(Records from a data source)
※
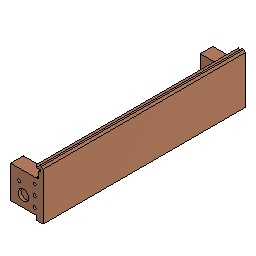
side_right (Autodesk Fusion 360 design; units mm, degrees)
Autodesk Fusion 360 part; units mm, degrees
note: some values were not read from the file. Set by a fixed rule: which sketch regions a step uses.
sketch "Skizze1" plane through (0, 0, 0) normal (0, 1, 0) x (1, 0, 0)
  line L0 (0, -95.7521) -> (0, 79.6341) construction
  line L1 (0, 0) -> (0, -57.828)
  line L2 (-44, 0) -> (25, 0) construction
  line L3 (0, -57.828) -> (-4, -57.828)
  line L4 (-10.2207, -51.6073) -> (4.586, -66.414) construction
  line L5 (-4, -57.828) -> (-6.8284, -54.9996)
  line L6 (-6.8284, -54.9996) -> (-8.243, -56.4141)
  line L7 (-8.243, -56.4141) -> (-8.243, 0)
  line L8 (-8.243, 0) -> (0, 0)
  line L9 (-8.243, -53.585) -> (-5.243, -53.585)
  line L10 (-5.243, -53.585) -> (-3.243, -53.585)
  line L11 (-3.243, -53.585) -> (-3.243, -51.585)
  line L12 (-3.243, -51.585) -> (-5.243, -51.585)
  line L13 (-5.243, -51.585) -> (-5.243, -53.585)
  line L14 (-8.243, -43.585) -> (-12.058, -43.585)
  line L15 (-12.058, -43.585) -> (-8.243, -53.585)
  line L16 (-8.243, -43.585) -> (-5.243, -43.585)
  line L17 (-5.243, -51.585) -> (-5.243, -43.585)
  dimension "d1" = 57.828
  dimension "d2" = 4
  dimension "d3" = 45
  dimension "d4" = 4
  dimension "d5" = 8.243
  dimension "d6" = 4.243
  dimension "d7" = 2
  dimension "d8" = 2
  dimension "d9" = 3
  dimension "d10" = 3.815
  dimension "d11" = 10
  dimension "d17" = 14.243
  dimension "d18" = 43.585
  constraint vertical L0
  constraint coincident L1.start L0
  constraint coincident L1.start L8.end
  constraint coincident L0 L1.end
  constraint horizontal L2
  constraint coincident L1.start L2
  constraint perpendicular L0 L3
  constraint coincident L3.end L4
  constraint coincident L4 L5.end
  constraint perpendicular L5 L6
  constraint vertical L7
  constraint coincident L6.end L7.start
  constraint coincident L2 L7.end
  constraint coincident L7 L9.start
  constraint perpendicular L7 L9
  constraint horizontal L10
  constraint vertical L11
  constraint horizontal L12
  constraint vertical L13
  constraint coincident L7 L14.start
  constraint perpendicular L7 L14
  constraint perpendicular L7 L16
  constraint perpendicular L16 L17
  constraint coincident L16.end L17.end
  measures "d1" distance of L1.end L2
  measures "d2" distance of L0 L3.end
  measures "d3" angle of L0 L4
  measures "d4" distance of L3.end L5.end
  measures "d5" distance of L0 L7
  measures "d6" distance of L3 L9
  measures "d7" distance of L11 L13
  measures "d8" distance of L10 L12
  measures "d9" distance of L7 L9.end
  measures "d10" distance of L7 L14.end
  measures "d11" distance of L9.start L14.start
  measures "d17" distance of L3 L16
  measures "d18" distance of L2 L16.end
extrude "Extrusion1" add sketch "Skizze1" along normal blind 238 contours L1 L3 L5 L6 L7 L8 L9 L10 L11 L12 L16 L17
chamfer "Fase1" distance 2 angle 45 1 edges at (0, 119, 57.828)
ref_plane "Arbeitsebene1" through (-8.243, 0, 0) normal (1, 0, 0) x (0, 1, 0)
sketch "Skizze2" plane through (-8.243, 0, 0) normal (1, 0, 0) x (0, 1, 0)
  line L0 (267.8707, 0) -> (-22.3676, 0) construction
  line L1 (119, 85.1041) -> (119, -43.9964) construction
  line L2 (0, 97.1577) -> (0, -47.4856) construction
  line L3 (274.9535, 43.585) -> (-31.1829, 43.585) construction
  line L4 (115.5, 43.585) -> (122.5, 43.585)
  line L5 (122.5, 43.585) -> (122.5, 50.463)
  line L6 (122.5, 50.463) -> (115.5, 50.463)
  line L7 (115.5, 50.463) -> (115.5, 43.585)
  line L8 (115.5, 43.585) -> (122.5, 50.463) construction
  line L9 (122.5, 43.585) -> (115.5, 50.463) construction
  line L10 (267.9623, 50.463) -> (-13.8401, 50.463) construction
  line L11 (203.5, 43.585) -> (210.5, 43.585)
  line L12 (210.5, 43.585) -> (210.5, 50.463)
  line L13 (210.5, 50.463) -> (203.5, 50.463)
  line L14 (203.5, 50.463) -> (203.5, 43.585)
  line L15 (203.5, 43.585) -> (210.5, 50.463) construction
  line L16 (210.5, 43.585) -> (203.5, 50.463) construction
  line L17 (28.5, 43.585) -> (35.5, 43.585)
  line L18 (35.5, 43.585) -> (35.5, 50.463)
  line L19 (35.5, 50.463) -> (28.5, 50.463)
  line L20 (28.5, 50.463) -> (28.5, 43.585)
  line L21 (28.5, 43.585) -> (35.5, 50.463) construction
  line L22 (35.5, 43.585) -> (28.5, 50.463) construction
  line L23 (220, 68.3899) -> (220, -18.0018) construction
  line L24 (20, 66.908) -> (20, -20) construction
  line L25 (85, 65.5036) -> (85, 11.088) construction
  line L26 (155, 67.0596) -> (155, 11.5194) construction
  line L27 (250.7349, 48.499) -> (-43.738, 48.499) construction
  circle A0 centre (155, 48.499) radius 1.25
  circle A1 centre (85, 48.499) radius 1.25
  circle A2 centre (20, 48.499) radius 1.25
  circle A3 centre (220, 48.499) radius 1.25
  line L28 (21.2702, 46.299) -> (22.5403, 48.499)
  line L29 (22.5403, 48.499) -> (21.2702, 50.699)
  line L30 (21.2702, 50.699) -> (18.7298, 50.699)
  line L31 (18.7298, 50.699) -> (17.4597, 48.499)
  line L32 (17.4597, 48.499) -> (18.7298, 46.299)
  line L33 (18.7298, 46.299) -> (21.2702, 46.299)
  line L34 (86.2702, 46.299) -> (87.5403, 48.499)
  line L35 (87.5403, 48.499) -> (86.2702, 50.699)
  line L36 (86.2702, 50.699) -> (83.7298, 50.699)
  line L37 (83.7298, 50.699) -> (82.4597, 48.499)
  line L38 (82.4597, 48.499) -> (83.7298, 46.299)
  line L39 (83.7298, 46.299) -> (86.2702, 46.299)
  line L40 (156.2702, 46.299) -> (157.5403, 48.499)
  line L41 (157.5403, 48.499) -> (156.2702, 50.699)
  line L42 (156.2702, 50.699) -> (153.7298, 50.699)
  line L43 (153.7298, 50.699) -> (152.4597, 48.499)
  line L44 (152.4597, 48.499) -> (153.7298, 46.299)
  line L45 (153.7298, 46.299) -> (156.2702, 46.299)
  line L46 (221.2702, 46.299) -> (222.5403, 48.499)
  line L47 (222.5403, 48.499) -> (221.2702, 50.699)
  line L48 (221.2702, 50.699) -> (218.7298, 50.699)
  line L49 (218.7298, 50.699) -> (217.4597, 48.499)
  line L50 (217.4597, 48.499) -> (218.7298, 46.299)
  line L51 (218.7298, 46.299) -> (221.2702, 46.299)
  line L52 (238, 80) -> (238, -10) construction
  line L53 (223, 43) -> (223, 20)
  line L54 (223, 20) -> (193, 20)
  line L55 (223, 43) -> (238, 43)
  line L56 (15, 43) -> (0, 43)
  line L57 (15, 43) -> (15, 20)
  line L58 (15, 20) -> (45, 20)
  line L59 (238, 43) -> (238, 5)
  line L60 (238, 5) -> (193, 5)
  line L61 (193, 20) -> (193, 5)
  line L62 (45, 20) -> (45, 5)
  line L63 (0, 5) -> (45, 5)
  line L64 (0, 43) -> (0, 5)
  line L65 (66.5, 43.585) -> (63.5, 43.585) construction
  line L66 (63.5, 43.585) -> (63.5, 48.585)
  line L67 (60.5, 51.585) -> (69.5, 51.585)
  line L68 (66.5, 48.585) -> (66.5, 43.585)
  line L69 (66.5, 43.585) -> (63.5, 43.585) construction
  line L70 (63.5, 43.585) -> (63.5, 33.585)
  line L71 (66.5, 33.585) -> (66.5, 43.585)
  line L72 (65, 56) -> (65, 28) construction
  arc A4 (63.5, 33.585) -> (66.5, 33.585) centre (65, 33.585) ccw
  line L73 (125.8642, 33.585) -> (76, 33.585) construction
  circle A5 centre (58.65, 33.585) radius 4
  circle A6 centre (71.35, 33.585) radius 4
  circle A7 centre (58.65, 33.585) radius 3
  circle A8 centre (71.35, 33.585) radius 3
  line L74 (72.6202, 31.385) -> (73.8903, 33.585)
  line L75 (73.8903, 33.585) -> (72.6202, 35.785)
  line L76 (72.6202, 35.785) -> (70.0798, 35.785)
  line L77 (70.0798, 35.785) -> (68.8097, 33.585)
  line L78 (68.8097, 33.585) -> (70.0798, 31.385)
  line L79 (70.0798, 31.385) -> (72.6202, 31.385)
  line L80 (59.9202, 31.385) -> (61.1903, 33.585)
  line L81 (61.1903, 33.585) -> (59.9202, 35.785)
  line L82 (59.9202, 35.785) -> (57.3798, 35.785)
  line L83 (57.3798, 35.785) -> (56.1097, 33.585)
  line L84 (56.1097, 33.585) -> (57.3798, 31.385)
  line L85 (57.3798, 31.385) -> (59.9202, 31.385)
  circle A9 centre (71.35, 33.585) radius 1.25
  circle A10 centre (58.65, 33.585) radius 1.25
  arc A11 (69.5, 51.585) -> (66.5, 48.585) centre (69.5, 48.585) ccw
  arc A12 (63.5, 48.585) -> (60.5, 51.585) centre (60.5, 48.585) ccw
  line L86 (192, 26.585) -> (129, 26.585) construction
  line L87 (99, 16.585) -> (129, 16.585) construction
  line L88 (129, 16.585) -> (129, 36.585) construction
  line L89 (129, 36.585) -> (99, 36.585) construction
  line L90 (99, 36.585) -> (99, 16.585) construction
  line L91 (129, 36.585) -> (139, 36.585) construction
  line L92 (139, 36.585) -> (139, 16.585) construction
  line L93 (139, 16.585) -> (129, 16.585) construction
  line L94 (129, 16.585) -> (129, 36.585) construction
  circle A13 centre (99, 26.585) radius 1.25
  circle A14 centre (99, 26.585) radius 4
  circle A15 centre (129, 16.585) radius 1.25
  circle A16 centre (129, 16.585) radius 4
  circle A17 centre (129, 36.585) radius 1.25
  circle A18 centre (129, 36.585) radius 4
  line L95 (130.2702, 34.385) -> (131.5403, 36.585)
  line L96 (131.5403, 36.585) -> (130.2702, 38.785)
  line L97 (130.2702, 38.785) -> (127.7298, 38.785)
  line L98 (127.7298, 38.785) -> (126.4597, 36.585)
  line L99 (126.4597, 36.585) -> (127.7298, 34.385)
  line L100 (127.7298, 34.385) -> (130.2702, 34.385)
  line L101 (130.2702, 14.385) -> (131.5403, 16.585)
  line L102 (131.5403, 16.585) -> (130.2702, 18.785)
  line L103 (130.2702, 18.785) -> (127.7298, 18.785)
  line L104 (127.7298, 18.785) -> (126.4597, 16.585)
  line L105 (126.4597, 16.585) -> (127.7298, 14.385)
  line L106 (127.7298, 14.385) -> (130.2702, 14.385)
  line L107 (100.2702, 24.385) -> (101.5403, 26.585)
  line L108 (101.5403, 26.585) -> (100.2702, 28.785)
  line L109 (100.2702, 28.785) -> (97.7298, 28.785)
  line L110 (97.7298, 28.785) -> (96.4597, 26.585)
  line L111 (96.4597, 26.585) -> (97.7298, 24.385)
  line L112 (97.7298, 24.385) -> (100.2702, 24.385)
  line L113 (99, 36.585) -> (129, 16.585) construction
  line L114 (129, 36.585) -> (99, 16.585) construction
  point P0 (119, 47.024)
  point P1 (207, 47.024)
  point P2 (32, 47.024)
  point P3 (20, 48.499)
  point P4 (85, 48.499)
  point P5 (155, 48.499)
  point P6 (220, 48.499)
  point P7 (68.35, 33.585)
  point P8 (61.65, 33.585)
  point P9 (71.35, 33.585)
  point P10 (58.65, 33.585)
  point P11 (155, 26.585)
  point P12 (129, 36.585)
  point P13 (129, 16.585)
  point P14 (99, 26.585)
  point P15 (114, 26.585)
  dimension "d16" = 119
  dimension "d19" = 43.585
  dimension "d20" = 7
  dimension "d22" = 6.878
  dimension "d23" = 7
  dimension "d24" = 7
  dimension "d25" = 88
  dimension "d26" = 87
※
Given the records above, restate word for word only the lines starting at the one with "line L71 (66.5, 33.585) -> (66.5, 43.585)" and ending at the one with "circle A6 centre (71.35, 33.585) radius 4".

[Task response]:
  line L71 (66.5, 33.585) -> (66.5, 43.585)
  line L72 (65, 56) -> (65, 28) construction
  arc A4 (63.5, 33.585) -> (66.5, 33.585) centre (65, 33.585) ccw
  line L73 (125.8642, 33.585) -> (76, 33.585) construction
  circle A5 centre (58.65, 33.585) radius 4
  circle A6 centre (71.35, 33.585) radius 4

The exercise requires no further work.